Örneğin bu göndermelerin en güzel örneklerinden birini Rob ve Amir’in, Portland’da şık bir deniz mahsulleri restoranında oturdukları sekansta görüyoruz: Rob, aşçı şefle (aslında kaçırılan domuzu hakkında bilgi almak için) konuşmak istiyor. Aşçı şef masalarına geliyor ve bir süre sonra Rob’un eskiden çok ünlü ve saygı duyulan bir şef olduğunu anlıyor. (Rob, geçmişte mutfak işinde bir 'üstat' olmuş ve onu zamanında çırağıyken kovmuş!).
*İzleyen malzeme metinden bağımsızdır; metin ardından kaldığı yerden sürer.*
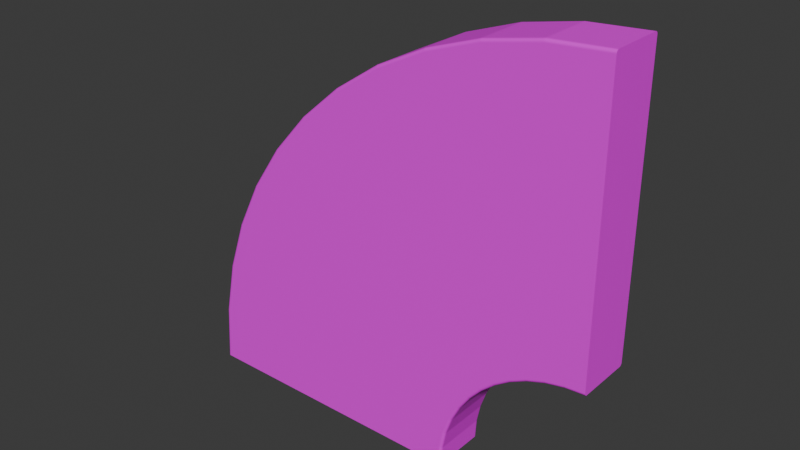 # Source: conveyor_turn_left.blend  (saved by Blender 4.1.24; exported with 4.5.12 LTS)
import bpy
from mathutils import Matrix  # noqa: F401  (used for matrix-valued properties, if any)

bpy.ops.wm.read_factory_settings(use_empty=True)
scene = bpy.context.scene
scene.name = 'Scene'

# ---- collections
col_collection = bpy.data.collections.new('Collection'); scene.collection.children.link(col_collection)

# ---- images (referenced by path relative to the original .blend; pixels are not part of the script)
import os
ASSET_DIR = os.environ.get("B2B_ASSET_DIR", "")  # directory of the original .blend (textures are referenced by path, not embedded)
HERE = os.path.dirname(os.path.abspath(__file__))  # packed textures are extracted next to this script under _unpacked/

def load_image(name, relpath, width, height, colorspace="sRGB"):
    """Load a texture the original file referenced (path relative to the .blend, or extracted next to this script)."""
    p = next((c for c in (os.path.join(HERE, relpath), os.path.join(ASSET_DIR, relpath)) if relpath and os.path.exists(c)), "")
    if p:
        img = bpy.data.images.load(p, check_existing=True)
        img.name = name
    else:  # same state as the original file: an image datablock whose file is absent (Cycles renders it pink)
        img = bpy.data.images.new(name, width, height)
        img.source = "FILE"
        img.filepath = "//" + (relpath or name)
    img.colorspace_settings.name = colorspace
    return img
img_conveyor_png = load_image('conveyor.png', 'conveyor.png', 1024, 1024, 'sRGB')

# ---- materials (node trees are filled in below, after node groups)
mat_material = bpy.data.materials.new('Material')
mat_material.use_transparent_shadow = False

# ---- material node trees
mat_material.use_nodes = True; mat_material.node_tree.nodes.clear()
_N = mat_material.node_tree.nodes; _L = mat_material.node_tree.links
n0 = _N.new('ShaderNodeBsdfPrincipled'); n0.name = 'Principled BSDF'; n0.location = (10, 300)
n1 = _N.new('ShaderNodeOutputMaterial'); n1.name = 'Material Output'; n1.location = (300, 300)
n2 = _N.new('ShaderNodeTexImage'); n2.name = 'Image Texture'; n2.location = (-280, 271)
n2.image = img_conveyor_png
_L.new(n0.outputs[0], n1.inputs[0])
_L.new(n2.outputs[0], n0.inputs[0])
n1.is_active_output = True

# ---- world
world_world = bpy.data.worlds.new('World'); scene.world = world_world
world_world.use_nodes = True; world_world.node_tree.nodes.clear()
_N = world_world.node_tree.nodes; _L = world_world.node_tree.links
n0 = _N.new('ShaderNodeOutputWorld'); n0.name = 'World Output'; n0.location = (300, 300)
n1 = _N.new('ShaderNodeBackground'); n1.name = 'Background'; n1.location = (10, 300)
n1.inputs[0].default_value = (0.05088, 0.05088, 0.05088, 1.0)
_L.new(n1.outputs[0], n0.inputs[0])
n0.is_active_output = True
world_world.color = (0.05088, 0.05088, 0.05088)
world_world.use_sun_shadow = False
world_world.sun_shadow_jitter_overblur = 0.0

# ---- meshes
me_mesh = bpy.data.meshes.new('Mesh')
me_mesh.from_pydata([(0.25, 0.005, -0.5), (0.245, -2.099e-16, -0.5), (0.2498, 0.003455, -0.5), (0.249, 0.002061, -0.5), (0.2479, 0.0009549, -0.5), (0.2465, 0.0002447, -0.5), (0.2523, 0.005, -0.4661), (0.2473, 1.512e-09, -0.4654), (0.252, 0.003455, -0.4661), (0.2513, 0.002061, -0.466), (0.2502, 0.0009549, -0.4658), (0.2489, 0.0002447, -0.4656), (0.2589, 0.005, -0.4336), (0.2541, 2.963e-09, -0.4322), (0.2587, 0.003455, -0.4335), (0.258, 0.002061, -0.4333), (0.2569, 0.0009549, -0.433), (0.2556, 0.0002447, -0.4326), (0.2697, 0.005, -0.4027), (0.265, 4.338e-09, -0.4008), (0.2694, 0.003455, -0.4026), (0.2688, 0.002061, -0.4023), (0.2677, 0.0009549, -0.4019), (0.2665, 0.0002447, -0.4014), (0.2841, 0.005, -0.3738), (0.2798, 5.625e-09, -0.3713), (0.2839, 0.003455, -0.3737), (0.2833, 0.002061, -0.3734), (0.2824, 0.0009549, -0.3728), (0.2812, 0.0002447, -0.3721), (0.3021, 0.005, -0.3472), (0.2981, 6.811e-09, -0.3442), (0.3019, 0.003455, -0.3471), (0.3013, 0.002061, -0.3467), (0.3005, 0.0009549, -0.346), (0.2994, 0.0002447, -0.3451), (0.3232, 0.005, -0.3232), (0.3197, 7.881e-09, -0.3197), (0.3231, 0.003455, -0.3231), (0.3226, 0.002061, -0.3226), (0.3218, 0.0009549, -0.3218), (0.3208, 0.0002447, -0.3208), (0.3472, 0.005, -0.3021), (0.3442, 8.824e-09, -0.2981), (0.3471, 0.003455, -0.3019), (0.3467, 0.002061, -0.3013), (0.346, 0.0009549, -0.3005), (0.3451, 0.0002447, -0.2994), (0.3738, 0.005, -0.2841), (0.3713, 9.625e-09, -0.2798), (0.3737, 0.003455, -0.2839), (0.3734, 0.002061, -0.2833), (0.3728, 0.0009549, -0.2824), (0.3721, 0.0002447, -0.2812), (0.4027, 0.005, -0.2697), (0.4008, 1.027e-08, -0.265), (0.4026, 0.003455, -0.2694), (0.4023, 0.002061, -0.2688), (0.4019, 0.0009549, -0.2677), (0.4014, 0.0002447, -0.2665), (0.4336, 0.005, -0.2589), (0.4322, 1.075e-08, -0.2541), (0.4335, 0.003455, -0.2587), (0.4333, 0.002061, -0.258), (0.433, 0.0009549, -0.2569), (0.4326, 0.0002447, -0.2556), (0.4661, 0.005, -0.2523), (0.4654, 1.105e-08, -0.2473), (0.4661, 0.003455, -0.252), (0.466, 0.002061, -0.2513), (0.4658, 0.0009549, -0.2502), (0.4656, 0.0002447, -0.2489), (0.5, 1.115e-08, -0.245), (0.5, 0.005, -0.25), (0.5, 0.0002447, -0.2465), (0.5, 0.0009549, -0.2479), (0.5, 0.002061, -0.249), (0.5, 0.003455, -0.2498), (-0.245, 0.0, -0.5), (-0.25, 0.005, -0.5), (-0.2465, 0.0002447, -0.5), (-0.2479, 0.0009549, -0.5), (-0.249, 0.002061, -0.5), (-0.2498, 0.003455, -0.5), (-0.2382, 4.418e-09, -0.3989), (-0.2432, 0.005, -0.3983), (-0.2397, 0.0002447, -0.3987), (-0.2411, 0.0009549, -0.3985), (-0.2422, 0.002061, -0.3984), (-0.2429, 0.003455, -0.3983), (-0.2184, 8.655e-09, -0.302), (-0.2232, 0.005, -0.3007), (-0.2199, 0.0002447, -0.3016), (-0.2212, 0.0009549, -0.3012), (-0.2223, 0.002061, -0.3009), (-0.223, 0.003455, -0.3007), (-0.1864, 1.267e-08, -0.2101), (-0.191, 0.005, -0.2081), (-0.1879, 0.0002447, -0.2095), (-0.1891, 0.0009549, -0.2089), (-0.1902, 0.002061, -0.2085), (-0.1908, 0.003455, -0.2082), (-0.1433, 1.643e-08, -0.124), (-0.1476, 0.005, -0.1215), (-0.1446, 0.0002447, -0.1233), (-0.1458, 0.0009549, -0.1226), (-0.1468, 0.002061, -0.122), (-0.1474, 0.003455, -0.1216), (-0.08973, 1.99e-08, -0.04481), (-0.09369, 0.005, -0.04175), (-0.09095, 0.0002447, -0.04386), (-0.09206, 0.0009549, -0.04301), (-0.09293, 0.002061, -0.04233), (-0.0935, 0.003455, -0.0419), (-0.02674, 2.302e-08, 0.02674), (-0.03029, 0.005, 0.03029), (-0.02784, 0.0002447, 0.02784), (-0.02882, 0.0009549, 0.02882), (-0.02961, 0.002061, 0.02961), (-0.03011, 0.003455, 0.03011), (0.04481, 2.578e-08, 0.08973), (0.04175, 0.005, 0.09369), (0.04386, 0.0002447, 0.09095), (0.04301, 0.0009549, 0.09206), (0.04233, 0.002061, 0.09293), (0.0419, 0.003455, 0.0935), (0.124, 2.812e-08, 0.1433), (0.1215, 0.005, 0.1476), (0.1233, 0.0002447, 0.1446), (0.1226, 0.0009549, 0.1458), (0.122, 0.002061, 0.1468), (0.1216, 0.003455, 0.1474), (0.2101, 3e-08, 0.1864), (0.2081, 0.005, 0.191), (0.2095, 0.0002447, 0.1879), (0.2089, 0.0009549, 0.1891), (0.2085, 0.002061, 0.1902), (0.2082, 0.003455, 0.1908), (0.302, 3.14e-08, 0.2184), (0.3007, 0.005, 0.2232), (0.3016, 0.0002447, 0.2199), (0.3012, 0.0009549, 0.2212), (0.3009, 0.002061, 0.2223), (0.3007, 0.003455, 0.223), (0.3989, 3.227e-08, 0.2382), (0.3983, 0.005, 0.2432), (0.3987, 0.0002447, 0.2397), (0.3985, 0.0009549, 0.2411), (0.3984, 0.002061, 0.2422), (0.3983, 0.003455, 0.2429), (0.5, 0.005, 0.25), (0.5, 3.256e-08, 0.245), (0.5, 0.003455, 0.2498), (0.5, 0.002061, 0.249), (0.5, 0.0009549, 0.2479), (0.5, 0.0002447, 0.2465), (0.245, 0.1, -0.5), (0.25, 0.095, -0.5), (0.2465, 0.09976, -0.5), (0.2479, 0.09905, -0.5), (0.249, 0.09794, -0.5), (0.2498, 0.09655, -0.5), (0.2473, 0.1, -0.4654), (0.2523, 0.095, -0.4661), (0.2489, 0.09976, -0.4656), (0.2502, 0.09905, -0.4658), (0.2513, 0.09794, -0.466), (0.252, 0.09655, -0.4661), (0.2541, 0.1, -0.4322), (0.2589, 0.095, -0.4336), (0.2556, 0.09976, -0.4326), (0.2569, 0.09905, -0.433), (0.258, 0.09794, -0.4333), (0.2587, 0.09655, -0.4335), (0.265, 0.1, -0.4008), (0.2697, 0.095, -0.4027), (0.2665, 0.09976, -0.4014), (0.2677, 0.09905, -0.4019), (0.2688, 0.09794, -0.4023), (0.2694, 0.09655, -0.4026), (0.2798, 0.1, -0.3713), (0.2841, 0.095, -0.3738), (0.2812, 0.09976, -0.3721), (0.2824, 0.09905, -0.3728), (0.2833, 0.09794, -0.3734), (0.2839, 0.09655, -0.3737), (0.2981, 0.1, -0.3442), (0.3021, 0.095, -0.3472), (0.2994, 0.09976, -0.3451), (0.3005, 0.09905, -0.346), (0.3013, 0.09794, -0.3467), (0.3019, 0.09655, -0.3471), (0.3197, 0.1, -0.3197), (0.3232, 0.095, -0.3232), (0.3208, 0.09976, -0.3208), (0.3218, 0.09905, -0.3218), (0.3226, 0.09794, -0.3226), (0.3231, 0.09655, -0.3231), (0.3442, 0.1, -0.2981), (0.3472, 0.095, -0.3021), (0.3451, 0.09976, -0.2994), (0.346, 0.09905, -0.3005), (0.3467, 0.09794, -0.3013), (0.3471, 0.09655, -0.3019), (0.3713, 0.1, -0.2798), (0.3738, 0.095, -0.2841), (0.3721, 0.09976, -0.2812), (0.3728, 0.09905, -0.2824), (0.3734, 0.09794, -0.2833), (0.3737, 0.09655, -0.2839), (0.4008, 0.1, -0.265), (0.4027, 0.095, -0.2697), (0.4014, 0.09976, -0.2665), (0.4019, 0.09905, -0.2677), (0.4023, 0.09794, -0.2688), (0.4026, 0.09655, -0.2694), (0.4322, 0.1, -0.2541), (0.4336, 0.095, -0.2589), (0.4326, 0.09976, -0.2556), (0.433, 0.09905, -0.2569), (0.4333, 0.09794, -0.258), (0.4335, 0.09655, -0.2587), (0.4654, 0.1, -0.2473), (0.4661, 0.095, -0.2523), (0.4656, 0.09976, -0.2489), (0.4658, 0.09905, -0.2502), (0.466, 0.09794, -0.2513), (0.4661, 0.09655, -0.252), (0.5, 0.095, -0.25), (0.5, 0.1, -0.245), (0.5, 0.09655, -0.2498), (0.5, 0.09794, -0.249), (0.5, 0.09905, -0.2479), (0.5, 0.09976, -0.2465), (-0.25, 0.095, -0.5), (-0.245, 0.1, -0.5), (-0.2498, 0.09655, -0.5), (-0.249, 0.09794, -0.5), (-0.2479, 0.09905, -0.5), (-0.2465, 0.09976, -0.5), (-0.2432, 0.095, -0.3983), (-0.2382, 0.1, -0.3989), (-0.2429, 0.09655, -0.3983), (-0.2422, 0.09794, -0.3984), (-0.2411, 0.09905, -0.3985), (-0.2397, 0.09976, -0.3987), (-0.2232, 0.095, -0.3007), (-0.2184, 0.1, -0.302), (-0.223, 0.09655, -0.3007), (-0.2223, 0.09794, -0.3009), (-0.2212, 0.09905, -0.3012), (-0.2199, 0.09976, -0.3016), (-0.191, 0.095, -0.2081), (-0.1864, 0.1, -0.2101), (-0.1908, 0.09655, -0.2082), (-0.1902, 0.09794, -0.2085), (-0.1891, 0.09905, -0.2089), (-0.1879, 0.09976, -0.2095), (-0.1476, 0.095, -0.1215), (-0.1433, 0.1, -0.124), (-0.1474, 0.09655, -0.1216), (-0.1468, 0.09794, -0.122), (-0.1458, 0.09905, -0.1226), (-0.1446, 0.09976, -0.1233), (-0.09369, 0.095, -0.04175), (-0.08973, 0.1, -0.04481), (-0.0935, 0.09655, -0.0419), (-0.09293, 0.09794, -0.04233), (-0.09206, 0.09905, -0.04301), (-0.09095, 0.09976, -0.04386), (-0.03029, 0.095, 0.03029), (-0.02674, 0.1, 0.02674), (-0.03011, 0.09655, 0.03011), (-0.02961, 0.09794, 0.02961), (-0.02882, 0.09905, 0.02882), (-0.02784, 0.09976, 0.02784), (0.04175, 0.095, 0.09369), (0.04481, 0.1, 0.08973), (0.0419, 0.09655, 0.0935), (0.04233, 0.09794, 0.09293), (0.04301, 0.09905, 0.09206), (0.04386, 0.09976, 0.09095), (0.1215, 0.095, 0.1476), (0.124, 0.1, 0.1433), (0.1216, 0.09655, 0.1474), (0.122, 0.09794, 0.1468), (0.1226, 0.09905, 0.1458), (0.1233, 0.09976, 0.1446), (0.2081, 0.095, 0.191), (0.2101, 0.1, 0.1864), (0.2082, 0.09655, 0.1908), (0.2085, 0.09794, 0.1902), (0.2089, 0.09905, 0.1891), (0.2095, 0.09976, 0.1879), (0.3007, 0.095, 0.2232), (0.302, 0.1, 0.2184), (0.3007, 0.09655, 0.223), (0.3009, 0.09794, 0.2223), (0.3012, 0.09905, 0.2212), (0.3016, 0.09976, 0.2199), (0.3983, 0.095, 0.2432), (0.3989, 0.1, 0.2382), (0.3983, 0.09655, 0.2429), (0.3984, 0.09794, 0.2422), (0.3985, 0.09905, 0.2411), (0.3987, 0.09976, 0.2397), (0.5, 0.1, 0.245), (0.5, 0.095, 0.25), (0.5, 0.09976, 0.2465), (0.5, 0.09905, 0.2479), (0.5, 0.09794, 0.249), (0.5, 0.09655, 0.2498)], [], [(78, 80, 81, 82, 83, 79, 234, 236, 237, 238, 239, 235, 156, 158, 159, 160, 161, 157, 0, 2, 3, 4, 5, 1), (12, 169, 175, 18), (18, 175, 181, 24), (24, 181, 187, 30), (30, 187, 193, 36), (36, 193, 199, 42), (42, 199, 205, 48), (48, 205, 211, 54), (54, 211, 217, 60), (60, 217, 223, 66), (66, 223, 228, 73), (72, 74, 75, 76, 77, 73, 228, 230, 231, 232, 233, 229, 306, 308, 309, 310, 311, 307, 150, 152, 153, 154, 155, 151), (168, 162, 241, 247), (174, 168, 247, 253), (180, 174, 253, 259), (186, 180, 259, 265), (192, 186, 265, 271), (198, 192, 271, 277), (204, 198, 277, 283), (210, 204, 283, 289), (216, 210, 289, 295), (222, 216, 295, 301), (229, 222, 301, 306), (91, 246, 240, 85), (37, 114, 108, 31), (139, 294, 288, 133), (97, 252, 246, 91), (43, 120, 114, 37), (145, 300, 294, 139), (85, 240, 234, 79), (103, 258, 252, 97), (49, 126, 120, 43), (150, 307, 300, 145), (7, 84, 78, 1), (109, 264, 258, 103), (55, 132, 126, 49), (162, 156, 235, 241), (13, 90, 84, 7), (115, 270, 264, 109), (61, 138, 132, 55), (6, 163, 169, 12), (19, 96, 90, 13), (121, 276, 270, 115), (67, 144, 138, 61), (25, 102, 96, 19), (127, 282, 276, 121), (72, 151, 144, 67), (31, 108, 102, 25), (133, 288, 282, 127), (0, 6, 8, 2), (2, 8, 9, 3), (3, 9, 10, 4), (4, 10, 11, 5), (5, 11, 7, 1), (6, 12, 14, 8), (8, 14, 15, 9), (9, 15, 16, 10), (10, 16, 17, 11), (11, 17, 13, 7), (12, 18, 20, 14), (14, 20, 21, 15), (15, 21, 22, 16), (16, 22, 23, 17), (17, 23, 19, 13), (18, 24, 26, 20), (20, 26, 27, 21), (21, 27, 28, 22), (22, 28, 29, 23), (23, 29, 25, 19), (24, 30, 32, 26), (26, 32, 33, 27), (27, 33, 34, 28), (28, 34, 35, 29), (29, 35, 31, 25), (30, 36, 38, 32), (32, 38, 39, 33), (33, 39, 40, 34), (34, 40, 41, 35), (35, 41, 37, 31), (36, 42, 44, 38), (38, 44, 45, 39), (39, 45, 46, 40), (40, 46, 47, 41), (41, 47, 43, 37), (42, 48, 50, 44), (44, 50, 51, 45), (45, 51, 52, 46), (46, 52, 53, 47), (47, 53, 49, 43), (48, 54, 56, 50), (50, 56, 57, 51), (51, 57, 58, 52), (52, 58, 59, 53), (53, 59, 55, 49), (54, 60, 62, 56), (56, 62, 63, 57), (57, 63, 64, 58), (58, 64, 65, 59), (59, 65, 61, 55), (60, 66, 68, 62), (62, 68, 69, 63), (63, 69, 70, 64), (64, 70, 71, 65), (65, 71, 67, 61), (66, 73, 77, 68), (68, 77, 76, 69), (69, 76, 75, 70), (70, 75, 74, 71), (71, 74, 72, 67), (78, 84, 86, 80), (80, 86, 87, 81), (81, 87, 88, 82), (82, 88, 89, 83), (83, 89, 85, 79), (84, 90, 92, 86), (86, 92, 93, 87), (87, 93, 94, 88), (88, 94, 95, 89), (89, 95, 91, 85), (90, 96, 98, 92), (92, 98, 99, 93), (93, 99, 100, 94), (94, 100, 101, 95), (95, 101, 97, 91), (96, 102, 104, 98), (98, 104, 105, 99), (99, 105, 106, 100), (100, 106, 107, 101), (101, 107, 103, 97), (102, 108, 110, 104), (104, 110, 111, 105), (105, 111, 112, 106), (106, 112, 113, 107), (107, 113, 109, 103), (108, 114, 116, 110), (110, 116, 117, 111), (111, 117, 118, 112), (112, 118, 119, 113), (113, 119, 115, 109), (114, 120, 122, 116), (116, 122, 123, 117), (117, 123, 124, 118), (118, 124, 125, 119), (119, 125, 121, 115), (120, 126, 128, 122), (122, 128, 129, 123), (123, 129, 130, 124), (124, 130, 131, 125), (125, 131, 127, 121), (126, 132, 134, 128), (128, 134, 135, 129), (129, 135, 136, 130), (130, 136, 137, 131), (131, 137, 133, 127), (132, 138, 140, 134), (134, 140, 141, 135), (135, 141, 142, 136), (136, 142, 143, 137), (137, 143, 139, 133), (138, 144, 146, 140), (140, 146, 147, 141), (141, 147, 148, 142), (142, 148, 149, 143), (143, 149, 145, 139), (144, 151, 155, 146), (146, 155, 154, 147), (147, 154, 153, 148), (148, 153, 152, 149), (149, 152, 150, 145), (156, 162, 164, 158), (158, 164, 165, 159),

Ardından sahte bir gülümseme ve gerginlikle (ve tabii ki saygıyla) başarılarından bahsederken Rob, can alıcı ve sağlam cümlelerle bütün bunların 'sahte', geçici ve işin özünü 'ıskalayan' şeyler olduğunu açıklayınca söz konusu aşçı şef aslından ne kadar geride kaldığının ve nasıl gösteriş ve lükse gereğinden fazla değer veren bir dünyada 'sallandığının' farkına varıyor.

"The Pig", aslında isminin de işaret ettiği gibi basitliğin cömertliği üzerine bir film. Buna görsellik ve anlatım açısından sürekli 'parmak basan' film, sık sık şehir/kırsal alan tezatlığını sunarak, bu iki alanı çevreleyen yan karakterlerin 'gülünç' hale dönüşen sınırlarını sergiliyor. Başkarakter Rob’la karşı karşıya gelen, ondan faydalanmaya çalışan kısaca onunla 'uğraşan' her karakter belli noktalarda tıkanıyor, bazen çok büyük bir güce ve paraya sahip olmalarına rağmen 'teslim bayrağını' çekmek zorunda kalıyorlar.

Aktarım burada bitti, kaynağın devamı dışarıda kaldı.